Excerpt
introduction
OLD TRADITIONS, NEW FLAVOURS
When the six-part Perfect Pickle Programme TV series was first transmitted in 1988, we confidently predicted that 'pickles had a future'. What has happened since then has been little short of a revolution. Supermarket shelves are crammed with pickles old and new, as well as salsas, vinegars, pastes and chutneys of every description; these spiced-up specialities are all the rage and have become the in-vogue accompaniments of the moment. It's easy to understand their attraction: they are seductive, assertive and potent, but also subtle; sometimes they assault and devastate the palate, sometimes they tease with their piquancy. Cooks at home know that they can add a buzz to quite ordinary food, and any restaurant chef worth his or her salt also knows that they need to have these up-front flavours in their repertoire.
Fresh produce has always been at the heart of good pickling, and homegrown is best of all. Increasing numbers of clued-up allotment holders are subscribing to the notion of 'plant it, pick it and pickle it', precisely because it makes economic as well as culinary sense. Farmers' markets, which are spreading their tentacles far and wide, are also a fruitful and profitable prospect for small-scale pickle and chutney makers, who are able to sell their wares without having to negotiate needless 'food miles'. And we mustn't forget those staunch and valiant members of the National Federation of Women's Institutes, who continue to fly the flag for all things honest and homemade. Hopeful signs, indeed.
In restaurant kitchens, Britain's hot young chefs are attracted to pickles and other vigorous condiments because they are big on taste and vibrancy and can add a new dimension to their gastronomic adventures. Fifteen years ago they were thinking about mousselines and cream sauces; these days their minds and energy are on other things. Take a look at virtually any serious restaurant menu these days and the chances are that it will be peppered with pickles and preserves for the twenty-first century: consider pickled shallots to go with home-smoked duck, marinated beetroot and walnut salad, or escabeche of mackerel accompanied by rhubarb chutney, or tuna spring rolls jazzed up with pickled ginger and coriander salsa.

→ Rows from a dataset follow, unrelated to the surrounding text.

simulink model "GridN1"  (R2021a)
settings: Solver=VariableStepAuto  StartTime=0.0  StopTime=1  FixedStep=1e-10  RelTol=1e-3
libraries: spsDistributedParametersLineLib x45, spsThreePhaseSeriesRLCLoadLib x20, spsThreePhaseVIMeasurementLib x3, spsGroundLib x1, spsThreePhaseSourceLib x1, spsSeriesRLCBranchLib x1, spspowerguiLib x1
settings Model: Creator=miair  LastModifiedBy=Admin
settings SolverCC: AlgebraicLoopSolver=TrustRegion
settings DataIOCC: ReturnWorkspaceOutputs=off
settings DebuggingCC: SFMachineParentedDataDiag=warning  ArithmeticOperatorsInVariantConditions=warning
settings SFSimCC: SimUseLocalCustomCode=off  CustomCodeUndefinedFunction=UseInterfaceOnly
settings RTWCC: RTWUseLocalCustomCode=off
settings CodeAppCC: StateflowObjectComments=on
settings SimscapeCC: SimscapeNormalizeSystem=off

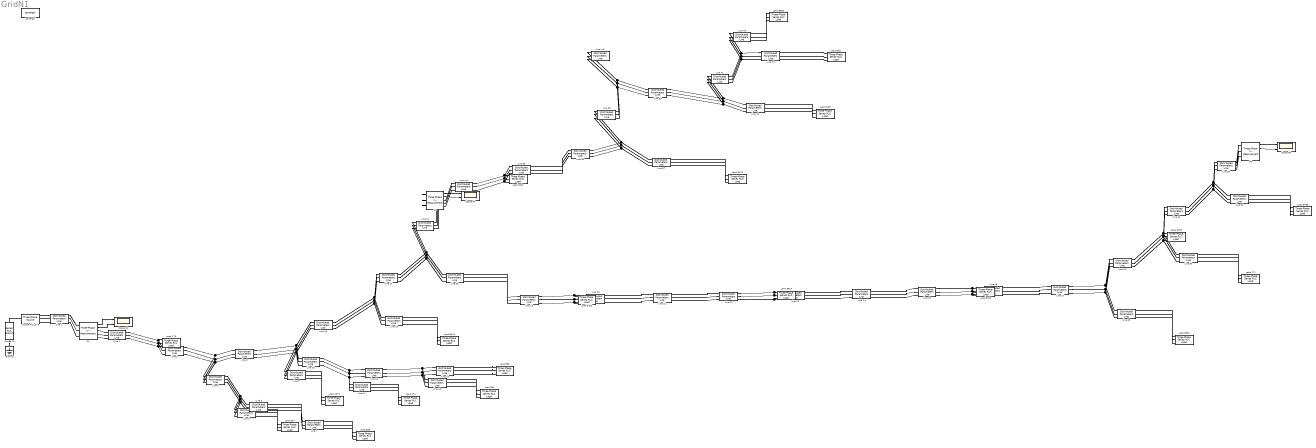
== system GridN1 ==
  Ground : spsGroundLib/Ground  LConnTagsString=a
  Line 1 : spsDistributedParametersLineLib/Distributed Parameters Line  Phases=3  Length=0.01  Frequency=50  Resistance=[0.476003738225748 0.351747138225748 0.351747138225748;0.351747138225748 0.476003738225748 0.351747138225748;0.351747138225748 0.351747138225748 0.476003738225748]  Inductance=[0.000705954362986426 0.000459934243504405 0.000459934243504405;0.000459934243504405 0.000705954362986426 0.000459934243504405;0.000459934243504405 0.000459934243504405 0.000705954362986426]  Capacitance=[5.7561313269996e-07 -1.37543883484145e-07 -1.37543912800485e-07;-1.37543883484145e-07 5.75613027339387e-07 -1.37543875208088e-07;-1.37543912800485e-07 -1.37543875208088e-07 5.75613005057695e-07]  x1=[0.0135819851168218 6580.60780006136 6580.6182267289;314.159265358979 314.159265358979 314.159265358979;-0.926204081652274 -0.816756558113271 -2.38755380781111]  x2=[0.0137023481415946 6580.57590971446 6580.58635696497;314.159265358979 314.159265358979 314.159265358979;-0.934430302579672 -0.816757783153402 -2.38755503539598]  x3=[0.0128763749933069 332.939719946223 332.945796056873;314.159265358979 314.159265358979 314.159265358979;-2.07623123292733 -0.796255794413397 -2.36710494899868]  x4=[0.0127279522499466 375.758691230381 375.75302064917;314.159265358979 314.159265358979 314.159265358979;1.03880908557987 -0.834961314041496 -2.40571318285691]  x5=2.2104317621921e-07  V1=[0.01488 9985 9985;314.2 314.2 314.2;0.4891 -0.0989 -1.67]  V2=[0.01499 9985 9985;314.2 314.2 314.2;0.4801 -0.0989 -1.67]  I1=[0.01357 505.2 505.2;314.2 314.2 314.2;-0.7953 -0.07837 -1.649]  I2=[0.01346 570.2 570.2;314.2 314.2 314.2;2.317 -0.1171 -1.688]  nHarmo=1  Measurements=None  Decoupling=off  VsMag0=0  VrMag0=0  VsAngle0=0  VrAngle0=0  IsMag0=0  IrMag0=0  IsAngle0=0  IrAngle0=0
      settings: SourceProductBaseCode=PS
  Line 10 : spsDistributedParametersLineLib/Distributed Parameters Line  Phases=3  Length=0.16  Frequency=50  Resistance=[0.646656091154803 0.0486237908083191 0.0486712220507153;0.0486237908083191 0.646561225344642 0.0486237934466192;0.0486712220507153 0.0486237934466192 0.646656091154803]  Inductance=[0.00282448912315926 0.00133270803418135 0.00132951476746136;0.00133270803418135 0.00282479813276775 0.00133799988507366;0.00132951476746136 0.00133799988507366 0.00282448912315926]  Capacitance=[7.89543174552926e-09 -1.85986777702161e-09 -1.7901190036642e-09;-1.85986777702161e-09 7.82540023894543e-09 -1.8957321828871e-09;-1.7901190036642e-09 -1.8957321828871e-09 7.91264394645417e-09]  x1=[85.9944639712659 6546.93050475178 6546.44352092211;314.159265358979 314.159265358979 314.159265358979;0.297132510613398 -0.901407935041179 -2.47234114362476]  x2=[85.9964448785897 6546.65446589105 6546.16802554073;314.159265358979 314.159265358979 314.159265358979;0.297142047123019 -0.901418200609058 -2.47235127057814]  x3=[0.0804619526636368 14.5654071899657 14.6911796185752;314.159265358979 314.159265358979 314.159265358979;0.235078954953871 -0.835037872721124 -2.40660973507596]  x4=[0.0702350961721193 18.8073119716894 18.934319702301;314.159265358979 314.159265358979 314.159265358979;0.367987664701655 -0.952972217807643 -2.52350664948334]  x5=7.66635634017784e-07  V1=[130.5 9934 9933;314.2 314.2 314.2;1.015 -0.1836 -1.754]  V2=[130.5 9933 9933;314.2 314.2 314.2;1.015 -0.1836 -1.754]  I1=[0.1221 22.1 22.29;314.2 314.2 314.2;0.9534 -0.1172 -1.689]  I2=[0.1066 28.54 28.73;314.2 314.2 314.2;1.086 -0.2351 -1.806]  nHarmo=1  Measurements=None  Decoupling=off  VsMag0=0  VrMag0=0  VsAngle0=0  VrAngle0=0  IsMag0=0  IrMag0=0  IsAngle0=0  IrAngle0=0
      settings: SourceProductBaseCode=PS
  Line 11 : spsDistributedParametersLineLib/Distributed Parameters Line  Phases=3  Length=0.16  Frequency=50  Resistance=[0.646656091154803 0.0486237908083191 0.0486712220507153;0.0486237908083191 0.646561225344642 0.0486237934466192;0.0486712220507153 0.0486237934466192 0.646656091154803]  Inductance=[0.00282448912315926 0.00133270803418135 0.00132951476746136;0.00133270803418135 0.00282479813276775 0.00133799988507366;0.00132951476746136 0.00133799988507366 0.00282448912315926]  Capacitance=[7.89543174552926e-09 -1.85986777702161e-09 -1.7901190036642e-09;-1.85986777702161e-09 7.82540023894543e-09 -1.8957321828871e-09;-1.7901190036642e-09 -1.8957321828871e-09 7.91264394645417e-09]  x1=[85.9964448785897 6546.65446589105 6546.16802554073;314.159265358979 314.159265358979 314.159265358979;0.297142047123019 -0.901418200609058 -2.47235127057814]  x2=[85.9976584945911 6546.47413610085 6545.98803986244;314.159265358979 314.159265358979 314.159265358979;0.297148477688424 -0.901424241770337 -2.47235721789357]  x3=[0.0785355624578365 15.3056638554528 15.4318437577526;314.159265358979 314.159265358979 314.159265358979;0.259013030174006 -0.858371763028016 -2.42967864630558]  x4=[0.0719518400150709 18.0351581181147 18.1620865019816;314.159265358979 314.159265358979 314.159265358979;0.338516704500895 -0.938129134970429 -2.50878862058241]  x5=7.66635634017784e-07  V1=[130.5 9933 9933;314.2 314.2 314.2;1.015 -0.1836 -1.754]  V2=[130.5 9933 9933;314.2 314.2 314.2;1.015 -0.1836 -1.755]  I1=[0.1192 23.22 23.42;314.2 314.2 314.2;0.9773 -0.1405 -1.712]  I2=[0.1092 27.37 27.56;314.2 314.2 314.2;1.057 -0.2203 -1.791]  nHarmo=1  Measurements=None  Decoupling=off  VsMag0=0  VrMag0=0  VsAngle0=0  VrAngle0=0  IsMag0=0  IrMag0=0  IsAngle0=0  IrAngle0=0
      settings: SourceProductBaseCode=PS
  Line 12 : spsDistributedParametersLineLib/Distributed Parameters Line  Phases=3  Length=0.18  Frequency=50  Resistance=[0.646656091154803 0.0486237908083191 0.0486712220507153;0.0486237908083191 0.646561225344642 0.0486237934466192;0.0486712220507153 0.0486237934466192 0.646656091154803]  Inductance=[0.00282448912315926 0.00133270803418135 0.00132951476746136;0.00133270803418135 0.00282479813276775 0.00133799988507366;0.00132951476746136 0.00133799988507366 0.00282448912315926]  Capacitance=[7.89543174552926e-09 -1.85986777702161e-09 -1.7901190036642e-09;-1.85986777702161e-09 7.82540023894543e-09 -1.8957321828871e-09;-1.7901190036642e-09 -1.8957321828871e-09 7.91264394645417e-09]  x1=[85.9964448785897 6546.65446589105 6546.16802554073;314.159265358979 314.159265358979 314.159265358979;0.297111941412071 -0.901442117619123 -2.47237521035551]  x2=[85.9972993196457 6546.54637248643 6546.06015563724;314.159265358979 314.159265358979 314.159265358979;0.297115479187386 -0.901446788951277 -2.47237983061846]  x3=[0.0770387830362932 15.9012798359736 16.0277069156014;314.159265358979 314.159265358979 314.159265358979;0.271434826795543 -0.88191367645825 -2.45304200019236]  x4=[0.0733797001123517 17.4185010889173 17.5453298819302;314.159265358979 314.159265358979 314.159265358979;0.323795655893711 -0.919479721591919 -2.49024653991903]  x5=8.62465088270006e-07  V1=[130.5 9933 9933;314.2 314.2 314.2;1.015 -0.1836 -1.755]  V2=[130.5 9933 9933;314.2 314.2 314.2;1.015 -0.1836 -1.755]  I1=[0.1169 24.13 24.32;314.2 314.2 314.2;0.9898 -0.1641 -1.735]  I2=[0.1114 26.43 26.62;314.2 314.2 314.2;1.042 -0.2016 -1.772]  nHarmo=1  Measurements=None  Decoupling=off  VsMag0=0  VrMag0=0  VsAngle0=0  VrAngle0=0  IsMag0=0  IrMag0=0  IsAngle0=0  IrAngle0=0
      settings: SourceProductBaseCode=PS
  Line 13 : spsDistributedParametersLineLib/Distributed Parameters Line  Phases=3  Length=0.53  Frequency=50  Resistance=[0.646656091154803 0.0486237908083191 0.0486712220507153;0.0486237908083191 0.646561225344642 0.0486237934466192;0.0486712220507153 0.0486237934466192 0.646656091154803]  Inductance=[0.00282448912315926 0.00133270803418135 0.00132951476746136;0.00133270803418135 0.00282479813276775 0.00133799988507366;0.00132951476746136 0.00133799988507366 0.00282448912315926]  Capacitance=[7.89543174552926e-09 -1.85986777702161e-09 -1.7901190036642e-09;-1.85986777702161e-09 7.82540023894543e-09 -1.8957321828871e-09;-1.7901190036642e-09 -1.8957321828871e-09 7.91264394645417e-09]  x1=[85.9972993196455 6546.54637248643 6546.06015563724;314.159265358979 314.159265358979 314.159265358979;0.296588629245806 -0.901865336627409 -2.47279877672234]  x2=[85.999109686468 6546.2820331029 6545.79632491974;314.159265358979 314.159265358979 314.159265358979;0.296597976971236 -0.901874451699163 -2.47280775550619]  x3=[0.0766475627213019 16.0457568642052 16.1721358047216;314.159265358979 314.159265358979 314.159265358979;0.278553064422003 -0.884195825609553 -2.45528139945166]  x4=[0.0737204509155215 17.2589219147414 17.3856160487695;314.159265358979 314.159265358979 314.159265358979;0.3145362068788 -0.918913142041838 -2.4897144121643]  x5=2.53948053768391e-06  V1=[130.5 9933 9933;314.2 314.2 314.2;1.015 -0.184 -1.755]  V2=[130.5 9933 9932;314.2 314.2 314.2;1.015 -0.184 -1.755]  I1=[0.1163 24.35 24.54;314.2 314.2 314.2;0.9969 -0.1663 -1.737]  I2=[0.1119 26.19 26.38;314.2 314.2 314.2;1.033 -0.2011 -1.772]  nHarmo=1  Measurements=None  Decoupling=off  VsMag0=0  VrMag0=0  VsAngle0=0  VrAngle0=0  IsMag0=0  IrMag0=0  IsAngle0=0  IrAngle0=0
      settings: SourceProductBaseCode=PS
  Line 14 : spsDistributedParametersLineLib/Distributed Parameters Line  Phases=3  Length=2.16  Frequency=50  Resistance=[0.646656091154803 0.0486237908083191 0.0486712220507153;0.0486237908083191 0.646561225344642 0.0486237934466192;0.0486712220507153 0.0486237934466192 0.646656091154803]  Inductance=[0.00282448912315926 0.00133270803418135 0.00132951476746136;0.00133270803418135 0.00282479813276775 0.00133799988507366;0.00132951476746136 0.00133799988507366 0.00282448912315926]  Capacitance=[7.89543174552926e-09 -1.85986777702161e-09 -1.7901190036642e-09;-1.85986777702161e-09 7.82540023894543e-09 -1.8957321828871e-09;-1.7901190036642e-09 -1.8957321828871e-09 7.91264394645417e-09]  x1=[85.9972993196455 6546.54637248643 6546.06015563724;314.159265358979 314.159265358979 314.159265358979;0.294135013803574 -0.903814572947683 -2.47474986857757]  x2=[85.9995705439625 6546.29754411503 6545.81188305122;314.159265358979 314.159265358979 314.159265358979;0.29414239813252 -0.90382784404018 -2.47476303451906]  x3=[0.0754794263753424 16.467720066683 16.5937728872859;314.159265358979 314.159265358979 314.159265358979;0.286520713788774 -0.901964753453352 -2.47293834107752]  x4=[0.0747483168592489 16.7703048358143 16.8964299339934;314.159265358979 314.159265358979 314.159265358979;0.298562747055325 -0.908206004743712 -2.47910645537711]  x5=1.03495810592401e-05  V1=[130.5 9933 9933;314.2 314.2 314.2;1.012 -0.186 -1.757]  V2=[130.5 9933 9932;314.2 314.2 314.2;1.012 -0.186 -1.757]  I1=[0.1145 24.99 25.18;314.2 314.2 314.2;1.005 -0.1841 -1.755]  I2=[0.1134 25.45 25.64;314.2 314.2 314.2;1.017 -0.1904 -1.761]  nHarmo=1  Measurements=None  Decoupling=off  VsMag0=0  VrMag0=0  VsAngle0=0  VrAngle0=0  IsMag0=0  IrMag0=0  IsAngle0=0  IrAngle0=0
      settings: SourceProductBaseCode=PS
  Line 15 : spsDistributedParametersLineLib/Distributed Parameters Line  Phases=3  Length=4.06  Frequency=50  Resistance=[0.502970710632245 0.0486237908083191 0.0486712220507153;0.0486237908083191 0.502875844822084 0.0486237934466192;0.0486712220507153 0.0486237934466192 0.502970710632245]  Inductance=[0.00286900545038753 0.00133270803418135 0.00132951476746136;0.00133270803418135 0.00286931445999602 0.00133799988507366;0.00132951476746136 0.00133799988507366 0.00286900545038753]  Capacitance=[8.11484299003193e-09 -1.94249816214699e-09 -1.86930692621136e-09;-1.94249816214699e-09 8.0425699231653e-09 -1.98049571960044e-09;-1.86930692621136e-09 -1.98049571960044e-09 8.13337738722527e-09]  x1=[155.130058091746 6546.90392964469 6546.32991141257;314.159265358979 314.159265358979 314.159265358979;0.274010343197794 -0.899988695828293 -2.47095312062203]  x2=[155.136487397732 6511.09041009802 6510.62379376133;314.159265358979 314.159265358979 314.159265358979;0.272333769665952 -0.903385149921619 -2.47432401319414]  x3=[0.10391403445318 4.32286136277482 4.3539078763867;314.159265358979 314.159265358979 314.159265358979;0.152577548487083 0.302540110540726 -1.29846084646846]  x4=[0.168935784291522 31.8497990242347 31.9649152376635;314.159265358979 314.159265358979 314.159265358979;0.342256765474295 -1.03135915522522 -2.60124142850109]  x5=1.96604952826627e-05  V1=[235.4 9934 9933;314.2 314.2 314.2;0.9921 -0.1821 -1.753]  V2=[235.4 9879 9879;314.2 314.2 314.2;0.9908 -0.1855 -1.756]  I1=[0.1683 6.565 6.576;314.2 314.2 314.2;0.8807 1.024 -0.5817]  I2=[0.2456 48.35 48.5;314.2 314.2 314.2;1.062 -0.3137 -1.883]  nHarmo=1  Measurements=None  Decoupling=off  VsMag0=0  VrMag0=0  VsAngle0=0  VrAngle0=0  IsMag0=0  IrMag0=0  IsAngle0=0  IrAngle0=0
      settings: SourceProductBaseCode=PS
  Line 16 : spsDistributedParametersLineLib/Distributed Parameters Line  Phases=3  Length=0.01  Frequency=50  Resistance=[0.646656091154803 0.0486237908083191 0.0486712220507153;0.0486237908083191 0.646561225344642 0.0486237934466192;0.0486712220507153 0.0486237934466192 0.646656091154803]  Inductance=[0.00282448912315926 0.00133270803418135 0.00132951476746136;0.00133270803418135 0.00282479813276775 0.00133799988507366;0.00132951476746136 0.00133799988507366 0.00282448912315926]  Capacitance=[7.89543174552926e-09 -1.85986777702161e-09 -1.7901190036642e-09;-1.85986777702161e-09 7.82540023894543e-09 -1.8957321828871e-09;-1.7901190036642e-09 -1.8957321828871e-09 7.91264394645417e-09]  x1=[86.3836277831307 6511.11801645557 6510.73918186067;314.159265358979 314.159265358979 314.159265358979;0.296859447111635 -0.904624882143572 -2.4755324376731]  x2=[86.3836330279052 6511.11723795004 6510.73840482828;314.159265358979 314.159265358979 314.159265358979;0.296859474579558 -0.904624908354452 -2.47553246347659]  x3=[0.075755124590947 16.4755952702995 16.6018616731868;314.159265358979 314.159265358979 314.159265358979;0.294122728550855 -0.901862047196781 -2.4727919470391]  x4=[0.075301162455798 16.6643113475344 16.7906304355618;314.159265358979 314.159265358979 314.159265358979;0.299597594398029 -0.907368346005886 -2.47825404656015]  x5=4.79147271261115e-08  V1=[131.1 9879 9879;314.2 314.2 314.2;1.016 -0.1868 -1.758]  V2=[131.1 9879 9879;314.2 314.2 314.2;1.016 -0.1868 -1.758]  I1=[0.115 25 25.19;314.2 314.2 314.2;1.013 -0.184 -1.755]  I2=[0.1143 25.29 25.48;314.2 314.2 314.2;1.019 -0.1895 -1.76]  nHarmo=1  Measurements=None  Decoupling=off  VsMag0=0  VrMag0=0  VsAngle0=0  VrAngle0=0  IsMag0=0  IrMag0=0  IsAngle0=0  IrAngle0=0
      settings: SourceProductBaseCode=PS
  Line 17 : spsDistributedParametersLineLib/Distributed Parameters Line  Phases=3  Length=0.35  Frequency=50  Resistance=[0.646656091154803 0.0486237908083191 0.0486712220507153;0.0486237908083191 0.646561225344642 0.0486237934466192;0.0486712220507153 0.0486237934466192 0.646656091154803]  Inductance=[0.00282448912315926 0.00133270803418135 0.00132951476746136;0.00133270803418135 0.00282479813276775 0.00133799988507366;0.00132951476746136 0.00133799988507366 0.00282448912315926]  Capacitance=[7.89543174552926e-09 -1.85986777702161e-09 -1.7901190036642e-09;-1.85986777702161e-09 7.82540023894543e-09 -1.8957321828871e-09;-1.7901190036642e-09 -1.8957321828871e-09 7.91264394645417e-09]  x1=[86.3836277831307 6511.11801645557 6510.73918186067;314.159265358979 314.159265358979 314.159265358979;0.296347650025526 -0.905031471314672 -2.4759394138883]  x2=[86.4097152949425 6507.31425320866 6506.94452871459;314.159265358979 314.159265358979 314.159265358979;0.296462312233359 -0.905281202958687 -2.4761870329915]  x3=[0.109465414980559 4.31753359742384 4.35145979089518;314.159265358979 314.159265358979 314.159265358979;0.0135914404706076 0.296780704754496 -1.30398448333316]  x4=[0.0551442407666985 31.8173296486231 31.9338693613861;314.159265358979 314.159265358979 314.159265358979;0.882642018156363 -1.03228675249212 -2.60219232773787]  x5=1.6770154494139e-06  V1=[131.1 9879 9879;314.2 314.2 314.2;1.015 -0.1872 -1.758]  V2=[131.2 9874 9873;314.2 314.2 314.2;1.015 -0.1874 -1.758]  I1=[0.1764 6.557 6.572;314.2 314.2 314.2;0.7506 1.018 -0.5873]  I2=[0.07492 48.3 48.46;314.2 314.2 314.2;1.678 -0.3147 -1.884]  nHarmo=1  Measurements=None  Decoupling=off  VsMag0=0  VrMag0=0  VsAngle0=0  VrAngle0=0  IsMag0=0  IrMag0=0  IsAngle0=0  IrAngle0=0
      settings: SourceProductBaseCode=PS
  Line 18 : spsDistributedParametersLineLib/Distributed Parameters Line  Phases=3  Length=0.26  Frequency=50  Resistance=[0.646656091154803 0.0486237908083191 0.0486712220507153;0.0486237908083191 0.646561225344642 0.0486237934466192;0.0486712220507153 0.0486237934466192 0.646656091154803]  Inductance=[0.00282448912315926 0.00133270803418135 0.00132951476746136;0.00133270803418135 0.00282479813276775 0.00133799988507366;0.00132951476746136 0.00133799988507366 0.00282448912315926]  Capacitance=[7.89543174552926e-09 -1.85986777702161e-09 -1.7901190036642e-09;-1.85986777702161e-09 7.82540023894543e-09 -1.8957321828871e-09;-1.7901190036642e-09 -1.8957321828871e-09 7.91264394645417e-09]  x1=[86.4097152949424 6507.31425320866 6506.94452871459;314.159265358979 314.159265358979 314.159265358979;0.296597787932625 -0.905173576413396 -2.47607930399336]  x2=[86.4164234767737 6506.31319209991 6505.94386622124;314.159265358979 314.159265358979 314.159265358979;0.296676077842439 -0.90529675193356 -2.47620177288688]  x3=[0.0940058289360008 10.0710803597759 10.1963204188777;314.159265358979 314.159265358979 314.159265358979;0.220423677789878 -0.911182921321596 -2.48235367189124]  x4=[0.0577970860777915 23.0375917576632 23.1647009597948;314.159265358979 314.159265358979 314.159265358979;0.420279554992001 -0.902858499466097 -2.47362985744283]  x5=1.2457829052789e-06  V1=[131.2 9874 9873;314.2 314.2 314.2;1.016 -0.1873 -1.758]  V2=[131.2 9872 9872;314.2 314.2 314.2;1.016 -0.1874 -1.758]  I1=[0.1427 15.28 15.47;314.2 314.2 314.2;0.9392 -0.1933 -1.765]  I2=[0.08773 34.96 35.15;314.2 314.2 314.2;1.14 -0.185 -1.756]  nHarmo=1  Measurements=None  Decoupling=off  VsMag0=0  VrMag0=0  VsAngle0=0  VrAngle0=0  IsMag0=0  IrMag0=0  IsAngle0=0  IrAngle0=0
      settings: SourceProductBaseCode=PS
  Line 19 : spsDistributedParametersLineLib/Distributed Parameters Line  Phases=3  Length=0.03  Frequency=50  Resistance=[0.476003738225748 0.351747138225748 0.351747138225748;0.351747138225748 0.476003738225748 0.351747138225748;0.351747138225748 0.351747138225748 0.476003738225748]  Inductance=[0.000705954362986426 0.000459934243504405 0.000459934243504405;0.000459934243504405 0.000705954362986426 0.000459934243504405;0.000459934243504405 0.000459934243504405 0.000705954362986426]  Capacitance=[5.7561313269996e-07 -1.37543883484145e-07 -1.37543912800485e-07;-1.37543883484145e-07 5.75613027339387e-07 -1.37543875208088e-07;-1.37543912800485e-07 -1.37543875208088e-07 5.75613005057695e-07]  x1=[1.80349077964358 6506.96689280743 6507.23152701917;314.159265358979 314.159265358979 314.159265358979;0.568507403599857 -0.823462772990433 -2.39421460640899]  x2=[1.80349908463451 6506.94280065842 6507.20743625873;314.159265358979 314.159265358979 314.159265358979;0.568466669705737 -0.823465104058031 -2.39421693847239]  x3=[0.0240219359496491 343.799843304301 343.813477118347;314.159265358979 314.159265358979 314.159265358979;0.492004045456063 -0.823628998476846 -2.39438530592288]  x4=[0.0251371408204683 356.767166807137 356.781970901396;314.159265358979 314.159265358979 314.159265358979;0.641366971008245 -0.823427454004275 -2.39417497717186]  x5=6.63129528657629e-07  V1=[2.826 9873 9874;314.2 314.2 314.2;1.332 -0.1056 -1.676]  V2=[2.826 9873 9874;314.2 314.2 314.2;1.332 -0.1056 -1.676]  I1=[0.03756 521.7 521.7;314.2 314.2 314.2;1.259 -0.1058 -1.677]  I2=[0.03945 541.3 541.4;314.2 314.2 314.2;1.402 -0.1056 -1.676]  nHarmo=1  Measurements=None  Decoupling=off  VsMag0=0  VrMag0=0  VsAngle0=0  VrAngle0=0  IsMag0=0  IrMag0=0  IsAngle0=0  IrAngle0=0
      settings: SourceProductBaseCode=PS
  Line 2 : spsDistributedParametersLineLib/Distributed Parameters Line  Phases=3  Length=0.67  Frequency=50  Resistance=[0.502970710632245 0.0486237908083191 0.0486712220507153;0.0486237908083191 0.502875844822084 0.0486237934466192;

Peasant cooking and 'cuisine de terroir' are on everyone's lips: you need look no further than the Italian culinary renaissance or the gastro-pub phenomenon to see evidence of old traditions and new flavours. Pickles are part and parcel of that tradition – although the talk is now all about invention and new ways of working magic with centuries-old homespun enterprise. Add to that the wild and wacky crossover ideas generated by the trendy 'fusion' boom, the explosion of interest in Indian vegetarian food and the current emphasis on all things regional and seasonal and it's easy to see why pickles are back on the plate with a vengeance.
But it isn't simply fashion: the number of city restaurants and country pubs now offering home-pickled red cabbage, pickled walnuts and piccalilli (which can be served with anything from deep-fried goats' cheese or ham hock terrine to seared scallops) is astonishing. Cooks and chefs have also discovered a new passion for domestic industry (what the nineteenth-century radical William Cobbett dubbed 'cottage economy'): in the early days it was enough to bake your own bread, now full-scale home production is what counts. The world really is our larder and pickles are back where they belong – on the front row.
Twenty years ago our rallying call went out loud and clear. Today the message is still the same: get pickling!